When checking datacenter readiness it is not sufficient to only check .status.cassandraOperatorProgress. You should also check the Ready condition, e.g.,

status:
  cassandraOperatorProgress: Ready
  conditions:
  - lastTransitionTime: "2021-06-04T22:19:10Z"
    message: ""
    reason: ""
    status: "False"
    type: ScalingUp
  - lastTransitionTime: "2021-06-05T20:50:21Z"
    message: ""
    reason: ""
    status: "False"
    type: Updating
  - lastTransitionTime: "2021-06-04T22:17:21Z"
    message: ""
    reason: ""
    status: "False"
    type: Stopped
  - lastTransitionTime: "2021-06-04T21:08:15Z"
    message: ""
    reason: ""
    status: "False"
    type: ReplacingNodes
  - lastTransitionTime: "2021-06-04T21:08:15Z"
    message: ""
    reason: ""
    status: "False"
    type: RollingRestart
  - lastTransitionTime: "2021-06-04T22:19:10Z"
    message: ""
    reason: ""
    status: "False"
    type: Resuming
  - lastTransitionTime: "2021-06-04T21:08:15Z"
    message: ""
    reason: ""
    status: "False"
    type: ScalingDown
  - lastTransitionTime: "2021-06-04T21:08:15Z"
    message: ""
    reason: ""
    status: "True"
    type: Valid
  - lastTransitionTime: "2021-06-04T21:08:35Z"
    message: ""
    reason: ""
    status: "True"
    type: Initialized
  - lastTransitionTime: "2021-06-04T22:19:10Z"
    message: ""
    reason: ""
    status: "True"
    type: Ready
  lastServerNodeStarted: "2021-06-09T20:50:14Z"
  nodeStatuses:
    multi-dc-test-dc-west-rack1-sts-0:
      hostID: c2106ff5-8dda-4e68-a56a-8d5339d421c7
    multi-dc-test-dc-west-rack2-sts-0:
      hostID: a89895d4-056c-4ee3-83ba-c22e2d956d8a
    multi-dc-test-dc-west-rack3-sts-0:
      hostID: 89e193ab-ff5b-48e8-9298-d210be2d49a7
  observedGeneration: 4
  quietPeriod: "2021-06-09T20:50:56Z"
  superUserUpserted: "2021-06-09T20:50:51Z"
  usersUpserted: "2021-06-09T20:50:51Z"

As for the schema mismatch warning I suggest doing a rolling restart of the datacenter to see if that will clear it up.

Cheers

John

Can you please show how to do a rolling restart the “kubernetes” way?

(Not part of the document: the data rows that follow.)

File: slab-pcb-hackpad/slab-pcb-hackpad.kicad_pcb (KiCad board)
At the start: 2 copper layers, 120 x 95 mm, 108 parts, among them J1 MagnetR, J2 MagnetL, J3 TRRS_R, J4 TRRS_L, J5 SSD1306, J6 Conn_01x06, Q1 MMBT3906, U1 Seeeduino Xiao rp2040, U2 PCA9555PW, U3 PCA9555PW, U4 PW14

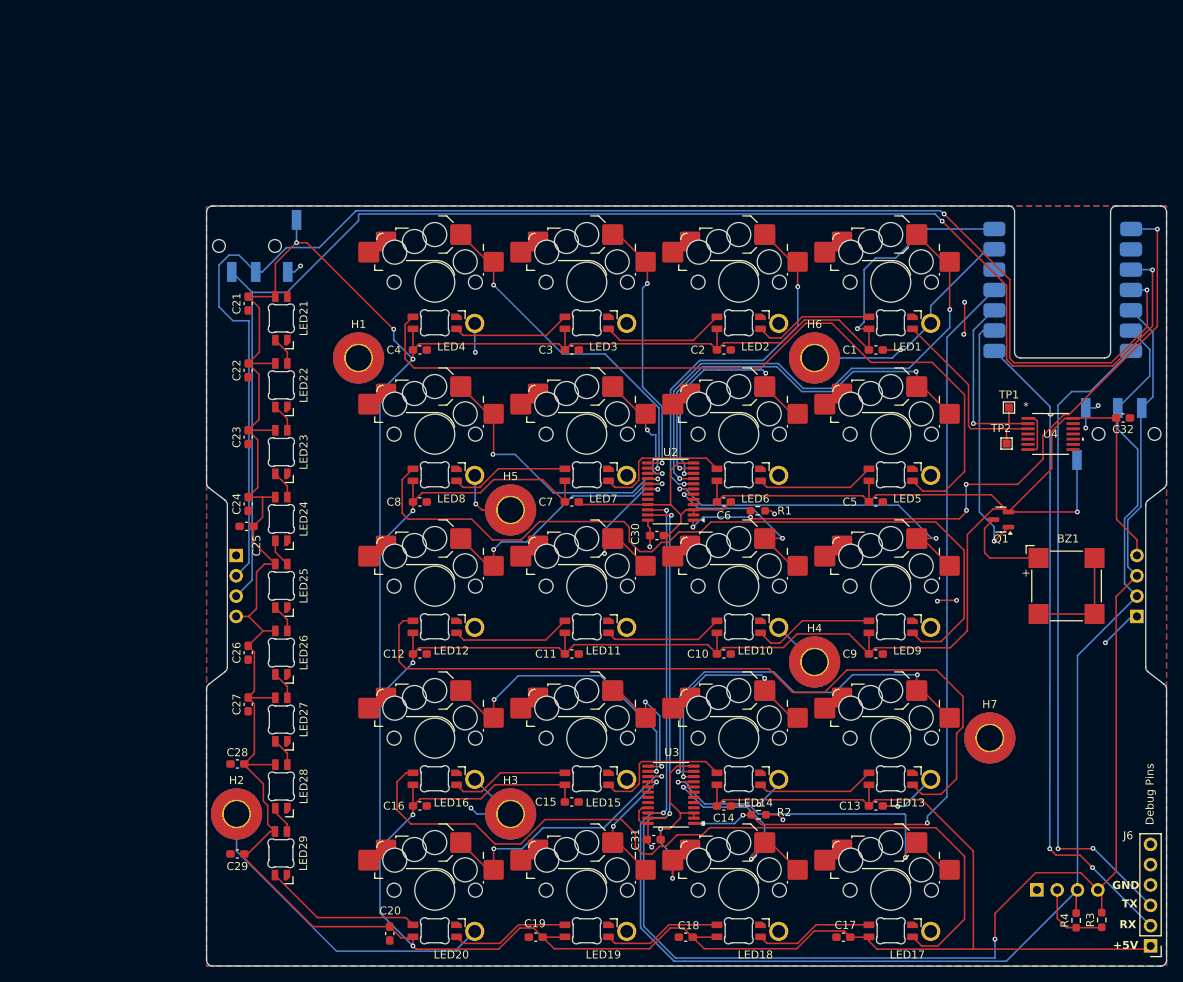
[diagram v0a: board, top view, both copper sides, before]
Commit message: fix: inconsistent design
all modules now share the same design - with updated footprints to
support both choc+mx PCB mounting holes.
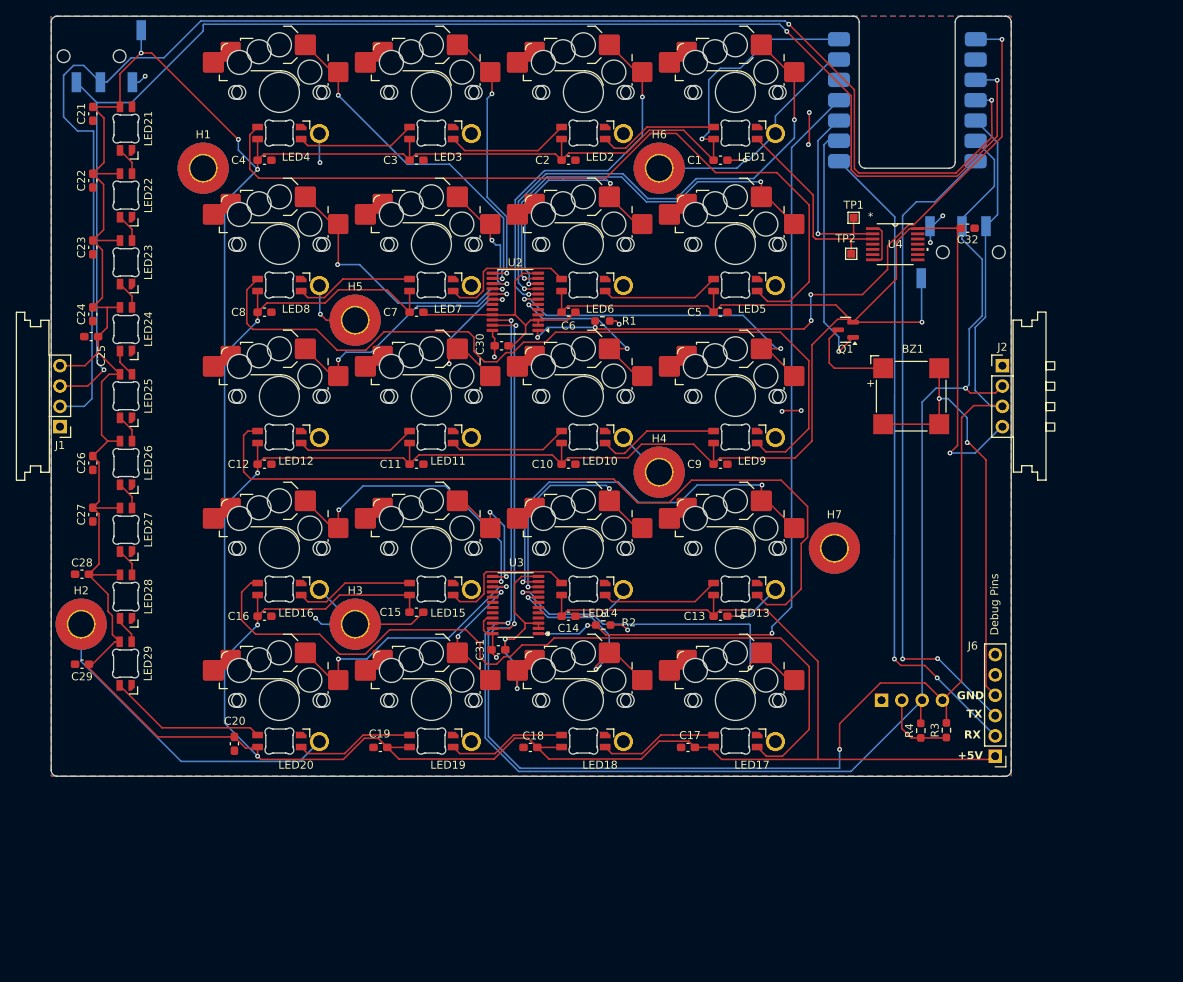
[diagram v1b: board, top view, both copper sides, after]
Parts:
- J1, J2: moved to F.Cu
- U4: value PW14 -> SN74AHCT125PWR
- moved J1 32.4 mm to (85.7, 93.8)
- moved C15 30.7 mm to (130.2, 120.8)
- moved C18 30.7 mm to (144.5, 137.7)
- moved C27 30.7 mm to (89.8, 108.6)
- moved C30 30.7 mm to (140.9, 87.5)
- moved H7 30.7 mm to (182.5, 112.8)
- moved LED29 30.7 mm to (93.9, 127.2)
- moved Q1 30.7 mm to (183.9, 85.5)
- moved R1 30.7 mm to (153.5, 84.4)
- moved R3 30.7 mm to (196.5, 135.5)
- moved REF** 30.7 mm to (195.0, 90.8)
- moved TP1 30.7 mm to (184.9, 71.5)
- moved U3 30.7 mm to (142.6, 119.9)
- moved C21 30.7 mm to (89.8, 58.5)
- moved C19 30.7 mm to (125.7, 137.7)
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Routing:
- net GND: track 206.1 -> 250.7 mm, vias 12 -> 13
- net VBUS: track 774.5 -> 796.9 mm, vias 9 -> 10
- net /I2C1_SCL: track 199.8 -> 205.9 mm, vias 2 -> 3
- net /I2C0_SCL: track 185.1 -> 190.5 mm
- net /I2C1_SDA: track 207.3 -> 212.2 mm
- net /I2C0_SDA: track 184.5 -> 185.9 mm, vias 2 -> 3
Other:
- outline, holes or cut-outs redrawn
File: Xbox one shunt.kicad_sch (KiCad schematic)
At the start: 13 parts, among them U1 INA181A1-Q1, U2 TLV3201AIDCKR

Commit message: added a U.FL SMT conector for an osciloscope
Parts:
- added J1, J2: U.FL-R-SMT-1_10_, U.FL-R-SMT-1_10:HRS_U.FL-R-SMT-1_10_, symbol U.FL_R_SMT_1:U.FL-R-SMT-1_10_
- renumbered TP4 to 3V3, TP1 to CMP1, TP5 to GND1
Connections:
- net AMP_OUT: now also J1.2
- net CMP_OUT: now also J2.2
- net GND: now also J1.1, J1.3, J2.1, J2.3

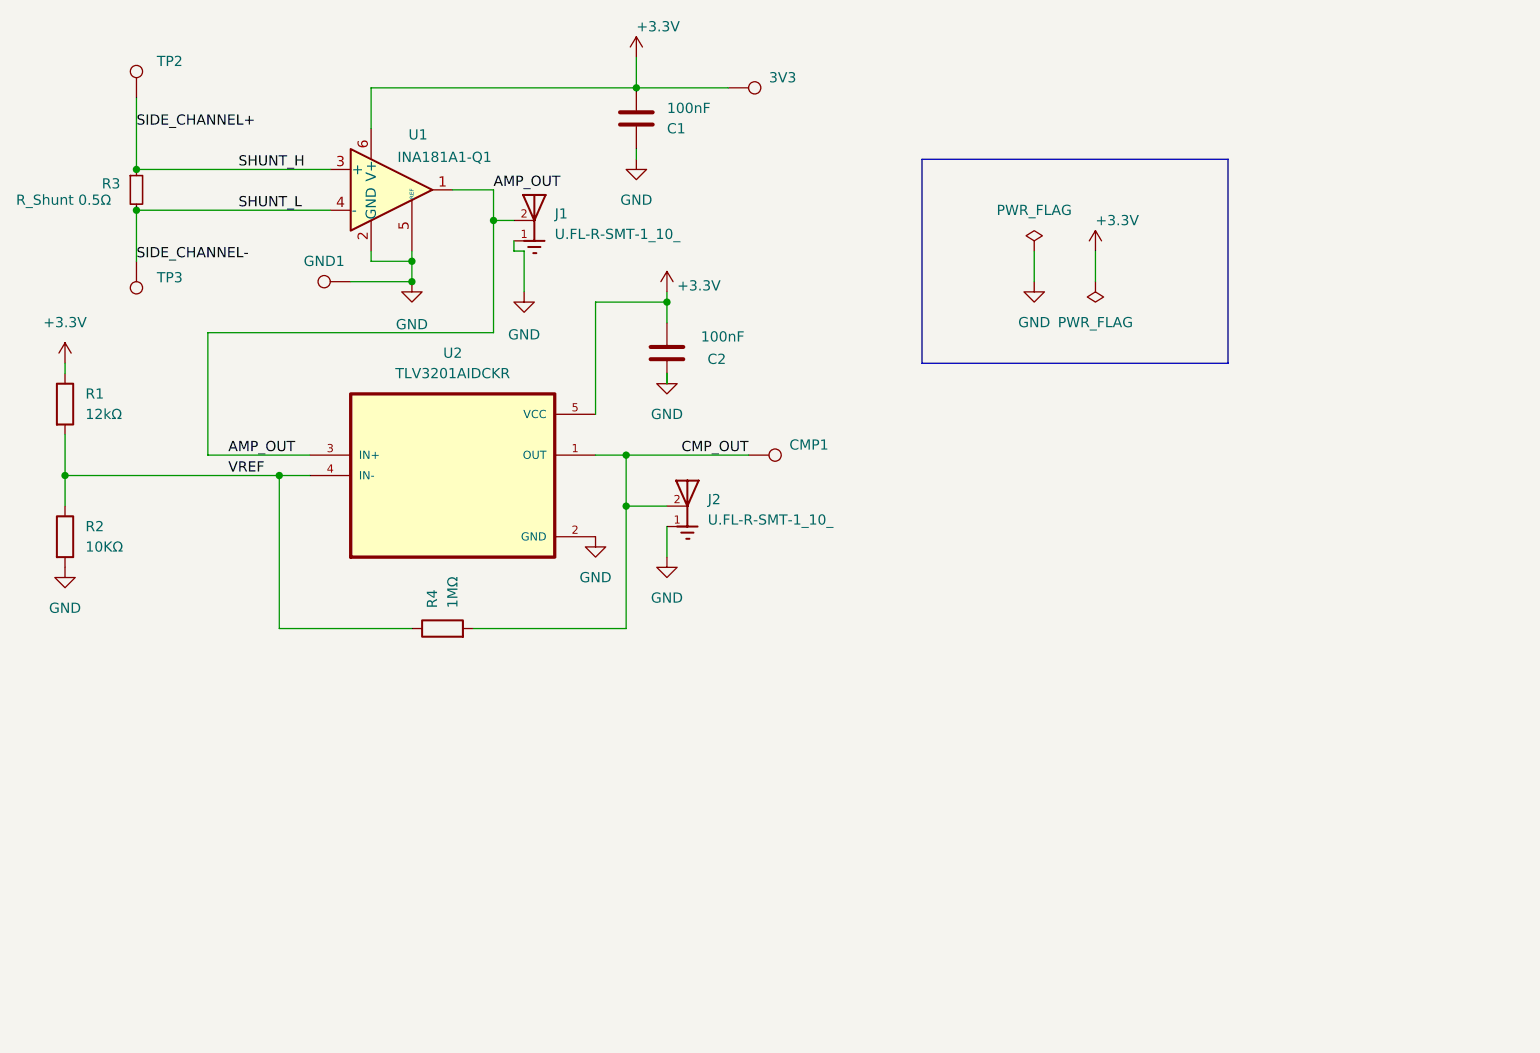
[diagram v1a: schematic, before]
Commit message: pcb and sch fixes
Replaced TLV3201AIDCKR (SC70-5) which was using an SOT-23-5 footprint with a TLV3201AIDBVR (same specs and correct footprint)
Updated schematic and PCB for above change
Added Libraries directory and applied to project
Edited symbols
Fixed silks
Added 3D models
Some general cleaning in schematic and PCB
Clean DRC
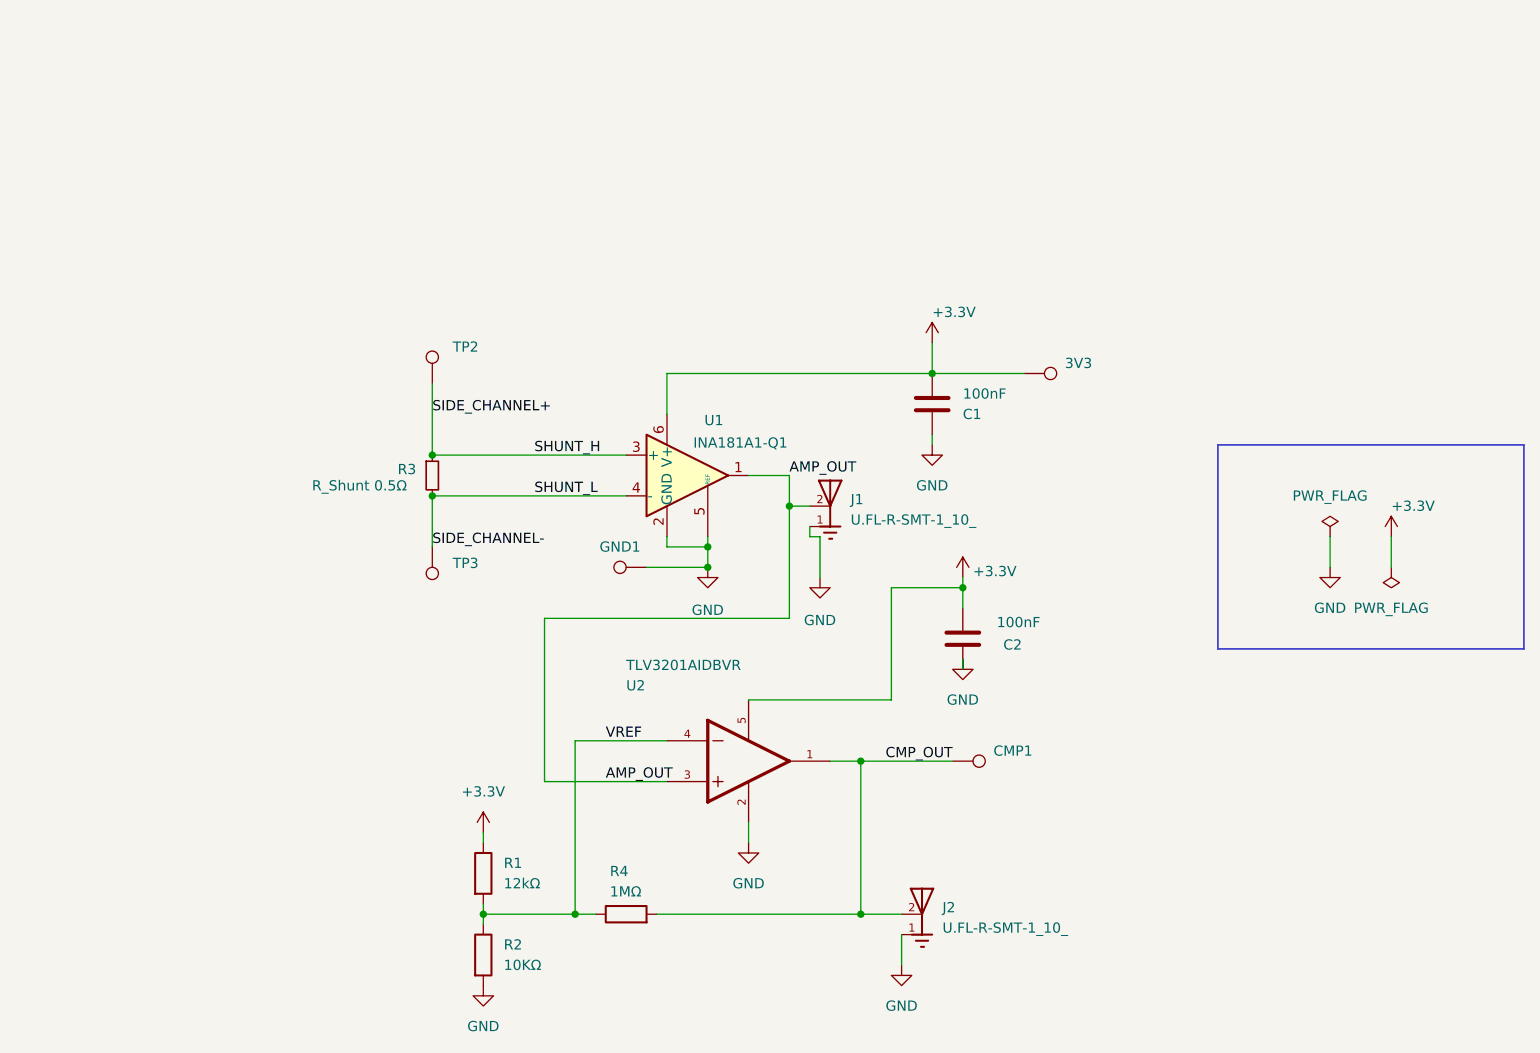
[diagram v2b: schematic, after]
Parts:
- removed U2: TLV3201AIDCKR, Package_TO_SOT_SMD:SOT-23-5, symbol TLV3201AIDCKR:TLV3201AIDCKR
- added U2: TLV3201AIDBVR, TLV3201AIDBVR:TLV3201AIDBVR, symbol TLV3201AIDBVR:TLV3201AIDBVR
- J1, J2: footprint U.FL-R-SMT-1_10:HRS_U.FL-R-SMT-1_10_ -> U.FL-R-SMT-1_10_:HRS_U.FL-R-SMT-1_10_; symbol U.FL_R_SMT_1:U.FL-R-SMT-1_10_ -> HRS_U.FL-R-SMT-1_10_:U.FL-R-SMT-1_10_
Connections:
- net +3.3V: now also U2.5
- net AMP_OUT: now also U2.3
- net CMP_OUT: now also U2.1
- net GND: now also U2.2
- net VREF: now also U2.4
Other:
- moved on the sheet: 3V3, C1, C2, CMP1, GND1, J1, J2, R1, R2, R3, R4, TP2

Set rollingRestartRequested: true.

For reference, see the example-cassdc-full.yaml:

  # Setting rollingRestartRequested to true will have Cass Operator do a rolling
  # restart on this CassDC at the next opportunity. The operator will set this
  # back to false once the restart is in progress. 
  rollingRestartRequested: false

Currently using cass-operator-0.29.1 from k8ssandra helm chart version 1.1.0. It seems there is no rollingRestartRequested field in missing in the CassandraDatacenter definition:

kubectl get cassdc/dc1 -n mycass -o yaml > ~/Downloads/dc1.yaml

Should I just add this field under spec: as in the example you showed. And then kubectl apply ?
`

Correct. In my case I did:

$ kubectl get cassdc dc1 -o yaml > cassdc-dc1.yaml

Then I updated cassdc-dc1.yaml and inserted rollingRestartRequested just before podTemplateSpec here:

...
spec:
  allowMultipleNodesPerWorker: true
  clusterName: k8ssandra
  config:
    ...
  configBuilderResources: {}
  dockerImageRunsAsCassandra: true
  managementApiAuth:
    insecure: {}
  rollingRestartRequested: true          <----- INSERTED HERE
  podTemplateSpec:
     ...

Then applied the changes with:

$ kubectl apply -f cassdc.yaml

Note that if you try to do another kubectl get, you still won’t see rollingRestartRequested in the output. Cheers!